Дашуары - страница 40



И вновь пришла тьма, и пришли сны. И приходили мать, и молодой еще отец, убитый под Вязьмой, приходили старшие братья, – Гришка, увечный, без ноги, да Пашка, родившийся дурачком, безобидный, щербатый Пашка, первый защитник её, Али. Сестёр было двое, но Алевтина не видела их, они и в жизни не ладили, видимо, решили и к ней, больной не ходить. Под утро, в жидком сером рассвете, пошёл крупный снег, «шалипа», как говорили у них в деревне. Бабе мучительно хотелось пить, а крикнуть она не могла, и только стонала. Снег шёл все чаще, гуще, заволакивая деревню, отчего свет в комнате стал совсем призрачным. Тут-то Алевтина и заметила – на стене, клееной-переклеенной обоями, какое-то свечение. Оно становилось не ярче, но светилась уже вся стена. Послышался легкий треск, какой бывает, если пороть ветхую простынь. Алевтина проснулась окончательно и смотрела на стену, не мигая. Из стены вышла Женщина, она была в алом платье, в белом плате на голове и в черном покрывале по плечам. Лицо ее было радостным, кротким, и шла она к Алевтине – так вот, не касаясь пола. Что-то неслышно звякало, но баба не могла разглядеть – что. Женщина, осиянная нимбом, подошла к Алевтине, и жажда исчезла сама собой. Стало прохладно, легко, и мучительные боли вдруг стали отлетать, и Алевтине показалось, что она встает, встает – и идет – за Ней.

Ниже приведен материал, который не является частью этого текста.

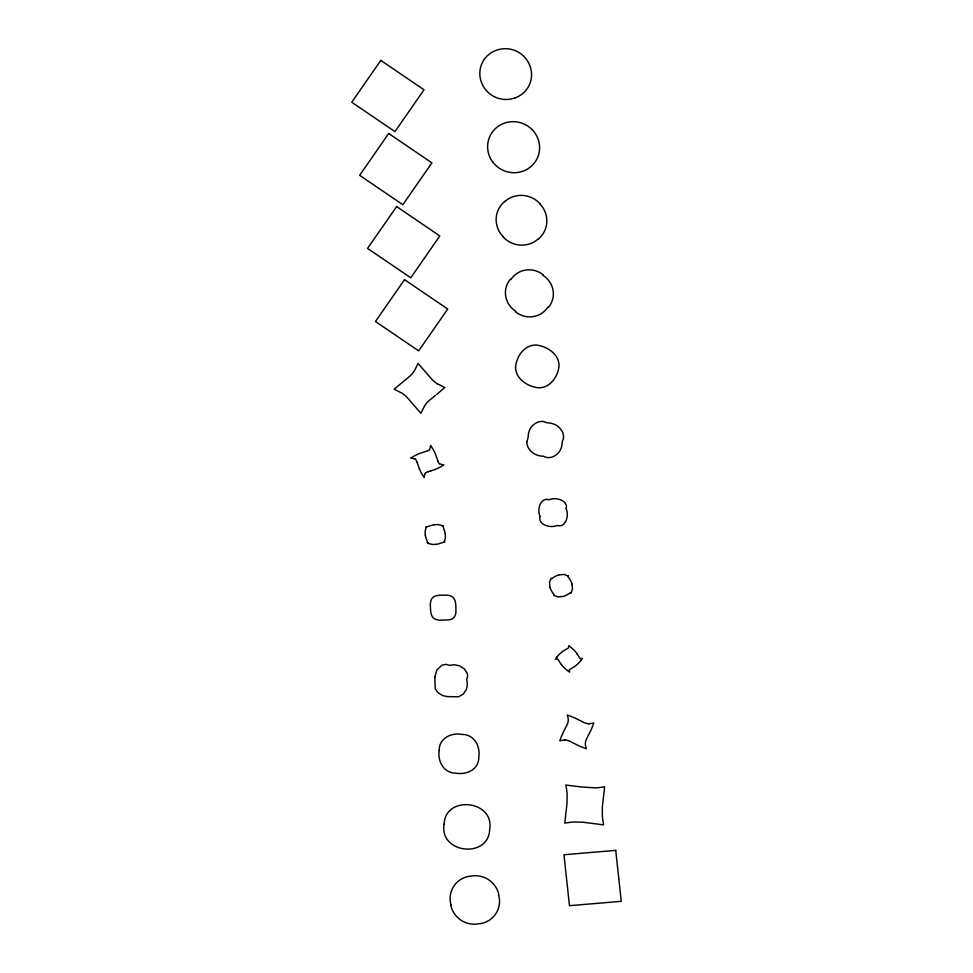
<?xml version="1.0" encoding="UTF-8"?>
<svg xmlns="http://www.w3.org/2000/svg" width="973" height="973" viewBox="0 0 973 973"><rect width="100%" height="100%" fill="white"/><g stroke="black" fill="none" stroke-linecap="round" stroke-linejoin="round"><path stroke-width="1.46" d="M568.402 576.49L568.366 576.332A1.35 1.314 23.9 0 0 568.135 576.016M553.613 594.807L553.637 595.038A1.35 1.314 23.9 0 0 553.868 595.367L557.663 596.911L562.832 596.51M588.58 734.87L590.137 731.818A75.675 73.644 23.9 0 0 593.798 722.939A22.805 22.197 23.9 0 1 588.604 723.742M588.458 735.101L586.634 738.726A13.719 13.354 23.9 0 0 585.308 743.591A22.805 22.197 23.9 0 0 586.293 748.699A75.675 73.644 23.9 0 1 577.123 744.953L570.008 741.365M424.569 405.96L420.895 413.282L407.018 397.312A27.463 26.721 23.9 0 0 401.679 392.97L394.126 389.236L405.194 380.017M429.421 449.502L430.212 447.507A21.99 21.394 23.9 0 0 430.504 445.877L430.577 445.391A48.516 47.215 23.9 0 1 435.381 453.941L437.753 460.776M425.359 473.389L424.581 475.383A21.99 21.394 23.9 0 0 424.277 477.013L424.204 477.5A48.516 47.215 23.9 0 1 419.399 468.95M539.93 516.712C538.105 525.311 551.132 528.412 557.298 525.408M566.274 508.49C568.22 499.733 554.549 496.85 548.906 499.794M426.843 526.721L426.636 527.025A5.449 5.303 23.9 0 0 426.429 527.366M443.749 542.338L443.956 542.034A5.449 5.303 23.9 0 0 444.162 541.693A12.308 11.98 23.9 0 0 445.16 533.909M556.811 657.128L555.303 659.171L557.724 658.94L560.643 663.513M581.003 660.412L582.511 658.368L580.03 658.563L577.159 654.038M571.054 592.837L572.501 589.188L571.99 584.104M436.707 394.418L444.843 387.485L437.315 383.727M405.668 379.652L410.12 375.931A27.463 26.721 23.9 0 0 414.437 370.762L418.086 363.44L431.951 379.409A27.463 26.721 23.9 0 0 437.303 383.751M435.43 395.415L428.862 400.779A27.463 26.721 23.9 0 0 424.544 405.948M566.894 648.882C570.287 648.261 566.943 643.481 570.336 646.923A30.528 29.701 23.9 0 1 577.208 654.002M566.152 649.271L563.914 650.572A30.528 29.701 23.9 0 0 556.848 657.152M443.846 542.399L444.175 542.241A10.764 10.472 23.9 0 1 444.673 542.034L444.77 541.985M444.649 542.046L436.184 544.491M426.733 526.673L426.502 526.77A10.764 10.472 23.9 0 1 425.906 527.038L434.396 524.569M435.113 469.448L430.613 470.944M428.278 471.625L430.443 470.993M559.171 574.861L564.34 574.459L568.086 575.955M551.557 578.254L551.326 578.266A1.35 1.314 23.9 0 0 550.998 578.485L549.502 582.182L550.013 587.266M570.482 593.129L570.677 593.104A1.35 1.314 23.9 0 0 571.005 592.885M580.139 786.865L595.269 787.875A67.502 65.702 23.9 0 0 599.538 787.51L604.634 786.792L602.36 806.982L602.311 815.666A67.502 65.702 23.9 0 0 602.774 819.862L603.601 824.873L582.985 822.234L574.143 822.015A67.502 65.702 23.9 0 0 569.874 822.38L564.778 823.097L567.052 802.907L567.113 794.223A67.502 65.702 23.9 0 0 566.651 790.027L565.812 785.016L579.203 786.731M410.971 457.991L411.47 458.064A21.99 21.394 23.9 0 1 413.136 458.392L415.179 459.207M439.601 463.683L441.645 464.486A21.99 21.394 23.9 0 0 443.311 464.814L443.81 464.899A48.516 47.215 23.9 0 1 435.199 469.436M548.638 499.587C540.076 497.458 536.816 510.399 540.137 516.468M557.553 525.615C566.189 527.804 569.363 514.535 566.055 508.733M442.958 526.308L442.764 526.186A5.449 5.303 23.9 0 0 442.423 525.967M427.512 542.679L427.816 542.885A5.449 5.303 23.9 0 0 428.169 543.092M442.788 525.529L442.764 525.493A10.764 10.472 23.9 0 0 442.97 525.967L443.129 526.284M442.8 525.578L445.415 533.849M427.451 542.776L427.621 543.092A10.764 10.472 23.9 0 1 427.84 543.591L425.165 535.211M419.399 468.877L417.076 462.236M429.555 449.696A6.945 6.762 23.9 0 1 426.478 451.168L419.667 453.442A48.516 47.215 23.9 0 0 410.983 458.003M415.374 459.086A6.945 6.762 23.9 0 1 416.943 462.126M425.225 473.194A6.945 6.762 23.9 0 1 428.302 471.723M439.407 463.805A6.945 6.762 23.9 0 1 437.838 460.764M434.457 524.824A12.308 11.98 23.9 0 1 442.46 525.882M425.432 535.15A12.308 11.98 23.9 0 1 426.344 527.317M436.123 544.235A12.308 11.98 23.9 0 1 428.132 543.177M469.12 876.527A23.595 22.963 23.9 0 1 498.821 894.795M498.565 894.856A23.595 22.963 23.9 0 1 480.553 923.645M451.046 905.06A23.595 22.963 23.9 0 1 469.059 876.272M480.48 923.401A23.595 22.963 23.9 0 1 450.791 905.133M565.009 739.966A22.805 22.197 23.9 0 0 559.84 740.83A75.675 73.644 23.9 0 1 563.476 731.903L566.979 724.982A13.719 13.354 23.9 0 0 568.305 720.129A22.805 22.197 23.9 0 0 567.32 715.021A75.675 73.644 23.9 0 1 576.49 718.755L583.605 722.355A13.719 13.354 23.9 0 0 588.58 723.754M565.033 739.966A13.719 13.354 23.9 0 1 569.983 741.402M560.606 663.537A30.528 29.701 23.9 0 0 567.502 670.592L569.594 672.148L569.302 669.752L573.9 666.979A30.528 29.701 23.9 0 0 580.966 660.387M551.667 578.753A22.343 21.747 23.9 0 1 558.891 574.873M554.124 594.722A22.343 21.747 23.9 0 1 550.025 587.534M570.336 592.618A22.343 21.747 23.9 0 1 563.112 596.498M567.879 576.661A22.343 21.747 23.9 0 1 571.978 583.836M510.898 279.579A21.978 21.382 23.9 0 1 543.384 274.982M543.043 275.456A21.978 21.382 23.9 0 1 548.383 307.456M515.739 311.226A21.978 21.382 23.9 0 1 510.399 279.227M547.884 307.103A21.978 21.382 23.9 0 1 515.398 311.713M504.792 201.545A24.824 24.155 23.9 0 1 540.331 204.123M540.21 204.233A24.824 24.155 23.9 0 1 538.3 239.09M502.773 236.281A24.824 24.155 23.9 0 1 504.683 201.423M538.191 238.969A24.824 24.155 23.9 0 1 502.652 236.39M515.179 97.847A25.675 24.982 23.9 0 0 529.677 65.252A25.675 24.982 23.9 0 0 496.206 50.341A25.675 24.982 23.9 0 0 481.696 82.924A25.675 24.982 23.9 0 0 515.167 97.823M515.556 366.821C515.374 378.765 527.488 386.524 538.13 387.789C549.891 388.349 558.04 376.636 559.037 366.043C559.22 354.099 547.106 346.327 536.464 345.062C524.69 344.503 516.554 356.215 515.556 366.821M430.346 605.084C430.686 612.187 430.005 620.36 440.878 620.19C447.264 619.619 455.498 621.589 455.96 611.652C455.656 604.865 457.067 595.95 447.276 595.184C439.723 595.403 429.993 593.506 430.346 605.084M526.819 442.01C526.819 448.152 531.708 453.357 537.339 455.206A18.779 18.268 23.9 0 0 543.469 456.215C550.353 460.363 559.305 454.659 561.336 447.556A18.779 18.268 23.9 0 0 562.236 441.547C566.383 434.53 560.059 425.87 553.053 423.827A18.779 18.268 23.9 0 0 546.923 422.817C540.027 418.67 531.1 424.362 529.057 431.477A18.779 18.268 23.9 0 0 528.157 437.485L526.819 441.9M434.809 677.086L435.247 688.799L438.057 692.715L442.581 695.537L447.203 696.595L458.587 696.79L463.27 694.077L466.383 689.37L467.368 684.846L466.736 679.02L467.636 676.6L467.344 673.669L464.486 669.01L459.621 665.86L454.452 664.778L449.064 665.313L445.999 664.328L442.01 665.191L436.901 669.85L434.809 677.086M439.212 750.426C437.351 761.117 443.81 773.304 455.972 773.158C466.456 775.165 479.117 769.436 478.789 757.152C480.638 746.461 474.192 734.274 462.029 734.42C451.545 732.414 438.884 738.142 439.212 750.426M444.126 824.131C438.993 853.662 488.616 858.879 489.674 829.616C494.807 800.086 445.184 794.868 444.126 824.131M380.808 60.399L351.752 102.238L394.953 131.623L424.009 89.796L380.808 60.399M388.714 133.483L359.645 175.322L402.846 204.707L431.915 162.88L388.714 133.483M396.619 206.58L367.551 248.407L410.752 277.804L439.82 235.965L396.619 206.58M404.525 279.665L375.456 321.491L418.658 350.888L447.726 309.049L404.525 279.665M615.739 850.366L563.963 854.756L569.473 905.693L621.248 901.314L615.739 850.366M492.691 161.932A26.113 25.42 23.9 0 0 537.449 157.845A26.113 25.42 23.9 0 0 510.691 121.759A26.113 25.42 23.9 0 0 492.691 161.932"/></g></svg>
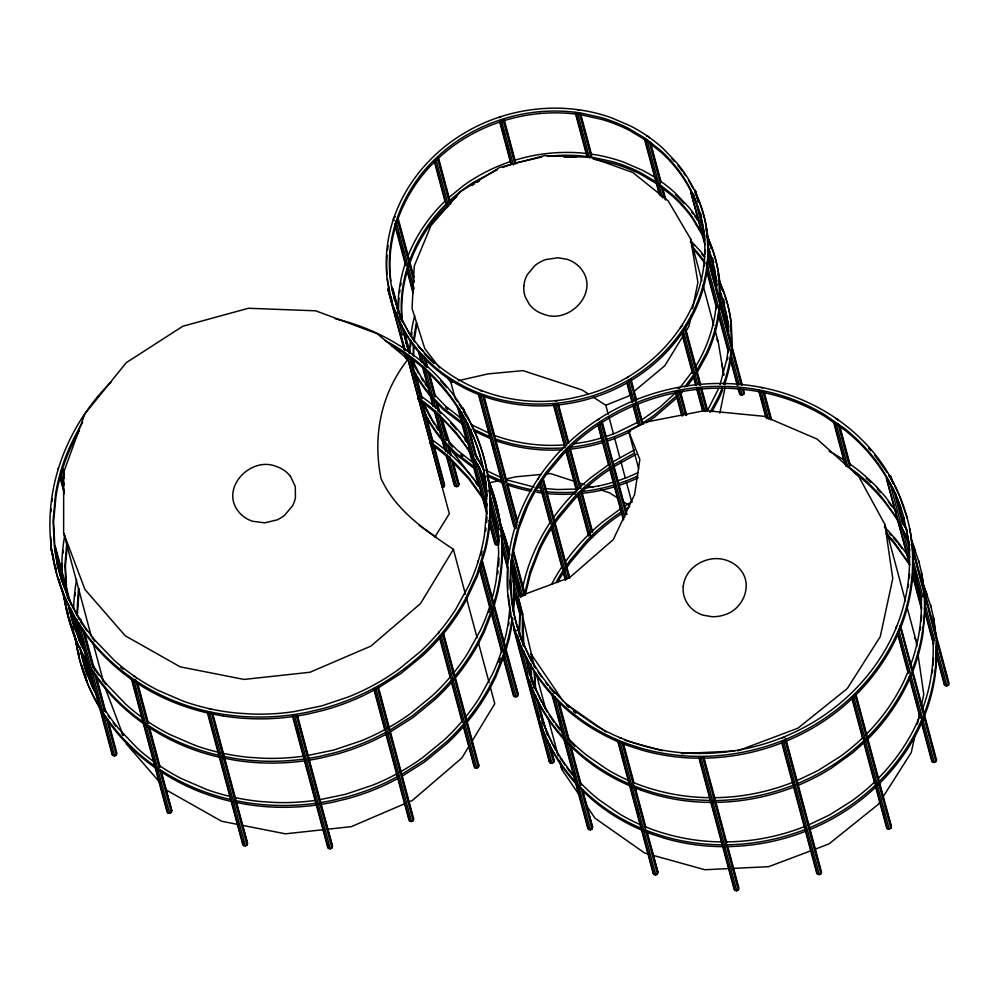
<?xml version="1.0" encoding="UTF-8"?>
<svg xmlns="http://www.w3.org/2000/svg" width="999" height="999" viewBox="0 0 999 999"><rect width="100%" height="100%" fill="white"/><g stroke="black" fill="none" stroke-linecap="round" stroke-linejoin="round"><path stroke-width="1.5" d="M91.334 636.413L63.624 532.991L63.686 472.252L84.915 413.811L126.286 362.649L182.817 326.236L248.426 308.266L315.709 310.814L377.147 333.691L407.942 359.328L449.313 513.723L434.902 537.012M522.489 613.398L522.315 631.393L523.339 643.319A202.298 183.641 -15 0 0 523.726 646.278M522.814 618.206L523.826 645.129M909.34 578.458L909.59 573.95M921.278 621.178L921.615 615.172M933.128 665.409L933.553 657.904M413.349 344.655L413.211 355.494M413.836 346.466L413.673 355.944M486.688 522.34L487.025 516.545M498.538 566.57L499.038 557.867M507.979 570.966L507.792 589.248M509.989 607.529L508.154 623.463A218.631 198.464 -15 0 1 504.12 642.107M519.992 612.15L519.605 630.431M531.018 660.664L531.368 654.557M531.68 659.415L531.93 654.845M719.517 301.623L718.868 276.81A160.489 145.692 -15 0 0 712.312 248.763A160.789 145.954 -15 0 0 707.092 236.039M731.368 345.841L730.719 321.041A160.489 145.692 -15 0 0 724.163 292.994A160.789 145.954 -15 0 0 718.943 280.269M66.808 542.869L64.947 564.61L66.009 587.712M67.295 544.68L65.434 566.421L66.746 592.395M78.471 588.548L76.886 614.635M79.146 588.911L77.348 614.984M413.661 339.235L416.221 323.039M414.148 341.046L416.97 323.501M485.676 531.031L486.051 528.134M497.714 573.813L498.076 570.916M512.812 554.482L510.789 576.985L511.975 600.899A202.298 183.641 -15 0 0 519.63 634.29M508.628 625.274L509.003 622.377M509.565 618.031L509.927 615.134M520.079 604.245L519.168 631.668M908.178 587.449L908.566 584.452M920.229 630.182L920.616 627.185M922.289 633.154C925.499 613.074 925.249 592.482 921.428 572.502M932.267 672.901L932.654 669.904M513.011 552.984L518.606 529.308L527.484 506.343A200.924 182.392 -15 0 1 546.603 474.125L562.912 454.657A200.961 182.43 -15 0 1 591.995 429.308C648.339 388.524 724.762 376.586 790.434 400.124A200.562 182.068 -15 0 1 824.575 416.171L844.979 430.244A200.562 182.068 -15 0 1 871.128 455.769C883.903 471.203 893.968 488.848 900.698 507.729M522.764 587.549C526.323 569.655 533.054 552.509 541.67 536.475A204.32 185.477 -15 0 1 550.486 521.99M524.675 593.918L529.97 571.728L538.848 548.763A200.924 182.392 -15 0 1 557.966 516.545L574.275 497.077A200.961 182.43 -15 0 1 603.371 471.728L610.539 466.87M525.449 594.23L530.457 573.538L539.335 550.574A200.924 182.392 -15 0 1 553.633 525.224M691.158 315.634L689.01 326.223L685.789 331.481M692.569 308.679L697.914 282.367L690.621 238.948L668.194 200.861L632.829 172.527L590.609 157.33L544.667 155.582L499.75 167.407L460.502 191.621L430.994 225.562L414.273 265.984L412.05 308.416L424.8 348.639L439.697 367.932M719.854 413.062L724.899 388.211M915.134 734.565L911.288 752.472L882.442 797.839M917.382 724.125L919.729 713.199M921.553 704.732L923.788 694.28L917.669 652.26M493.643 604.195L496.79 592.657A220.754 200.387 -15 0 0 501.873 553.084A220.729 200.374 -15 0 0 500.724 528.171M494.13 606.006L497.277 594.467A220.729 200.374 -15 0 0 501.048 528.521M505.107 649.862L508.641 636.887A220.754 200.387 -15 0 0 512.137 617.894M505.981 650.224L509.128 638.698M69.168 599.937L54.62 545.666L68.744 600.087M398.389 312.937L391.933 287.15L400.424 318.806M427.872 422.989L427.584 418.294M486.95 491.52L484.927 483.991L485.439 482.292M76.96 619.667L76.436 621.353L111.988 754.033L112.899 755.506L114.698 755.906L116.359 754.994L116.883 753.308L107.992 720.142M212.787 713.736L247.527 843.393L247.003 845.079L245.342 845.991L243.531 845.591L242.632 844.118L243.144 842.419M486.988 514.522L459.115 410.502L459.64 408.803M297.327 715.109L332.467 846.278L331.943 847.964L330.294 848.875L328.484 848.463L327.572 846.99L328.097 845.304M636.051 401.81L630.394 380.694L630.918 379.008L636.575 400.112M704.957 244.88L690.809 192.108L691.333 190.422M552.672 693.668L552.147 695.354L587.699 828.034L588.611 829.507L590.409 829.907L592.07 829.008L592.594 827.309L582.492 789.622M647.052 831.68L657.966 872.389L657.442 874.075L655.781 874.987L653.97 874.587L653.059 873.114L653.583 871.415M921.09 721.39L931.592 760.601L932.504 762.075L934.315 762.474L935.976 761.563L900.037 625.724M935.976 761.563L936.5 759.864L900.948 627.197M449.85 204.058L437.737 158.829L438.249 157.143L450.774 203.883M413.211 820.641L377.659 687.961L378.171 686.276L413.723 818.955L413.211 820.641L411.551 821.553L409.74 821.141L408.828 819.667L385.801 733.728M477.672 562.337L478.196 560.651M568.868 578.009L542.619 480.007L543.131 478.321L569.792 577.834M593.443 535.127L592.919 536.813L591.271 537.724L579.158 492.495M699.775 385.002L684.827 329.22L685.351 327.535L700.699 384.827M890.846 828.296L855.306 695.629L855.818 693.943L891.37 826.623L890.846 828.296L889.197 829.22L887.387 828.808L886.475 827.334L875.561 786.625M57.88 469.505L58.404 467.819M97.078 398.226L97.602 396.528L99.263 395.616M54.258 561.426L50.624 547.864L51.149 546.166M111.988 754.033L112.512 752.347M161.326 771.553L171.828 810.751L171.304 812.437L169.643 813.348L167.832 812.949L166.92 811.475L167.445 809.777M414.21 282.018L397.652 220.205L398.176 218.519L413.936 277.31M404.096 349.662L387.937 289.348L388.474 287.662L389.273 290.672M463.486 411.463L464.023 409.765L463.099 408.291L461.301 407.892M405.382 357.58L404.17 353.059L405.094 354.533L406.905 354.932L442.457 487.612L444.105 486.7L444.63 485.014L434.128 445.804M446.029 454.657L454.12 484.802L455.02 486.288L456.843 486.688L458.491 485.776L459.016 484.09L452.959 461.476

– Богородица, – отчетливо сказала Алевтина. – Матерь Божия… прости меня… я ж некрещеная… мамка все говорила – земля окрестит, земля… – на звук Алевтининого голоса прибежала дочь, но увидев блаженную улыбку на мамином лице, все поняла, заорала в голос…

Когда убирали в комнате перед поминками, нашли на полу, под кроватью – странные кружочки – вроде как монетки, но не наши, чудные какие-то. Витька попробовал на зуб, и тут же спрятал в карман.

– ой, Вить, – вздохнула Алевтинина дочь, – видать, венцы нижние – никуда! Гля -ко – обои-то треснули!

– подправим летом, видать – угол упал. – ответил Витька и накинул на зеркало черный бабин платок.

СТАСИК И МАРИНКА

Стас тщательно протер чайную ложечку, размешал сахар.

– ну, что ты мне собираешься сообщить? – он уставился Марине в переносицу. Сотовый звонил без умолку, Стас поставил телефон на вибрацию и вопрос повторил. Маринка сглотнула, покраснела, побледнела, открыла рот и закрыла.

– Стасечка, – она пыталась поймать его взгляд, – у нас будет ребенок. Ребеночек. Ну, я того, понимаешь?

Стас перевел взгляд на потолок. За окно. На пол. Пожалел, что бросил курить и снял очки.

– Марин, мы по-моему, договорились сразу? Нет?

– да, – сказала Марина виновато, – мы договорились. Но ведь случилось же?

– случаются, знаешь, кто? – сказал Стасик, – думать должна была.

– а ты?

– я думал! – твердо сказал Стасик, вспоминая неприятный разговор с мамой. Маме Маринка не понравилась. Мама кричала. что они с отцом на его университет вкалывали и карьера ему светит – ого!, и вот марин таких там пучками будет, а эта сядет на шею. и хомут еще повесит… и пусть он, Стас, на них с отцом тогда не рассчитывает. И по всему видно, что она хваткая, наглая, и самое место ей… тут даже Стасик покраснел. – Марин, давай не будем, а? Я все оплачу, сколько надо, и потом… мы же это… в Испанию в августе собирались, куда с этим-то … – он замялся, – давай потом, что ли? – твердо зная, что «потом» уже никогда не будет.

– нет, Стас. – Маринка сжалась, – нет. Я не дам. Нет. Я хочу ребенка.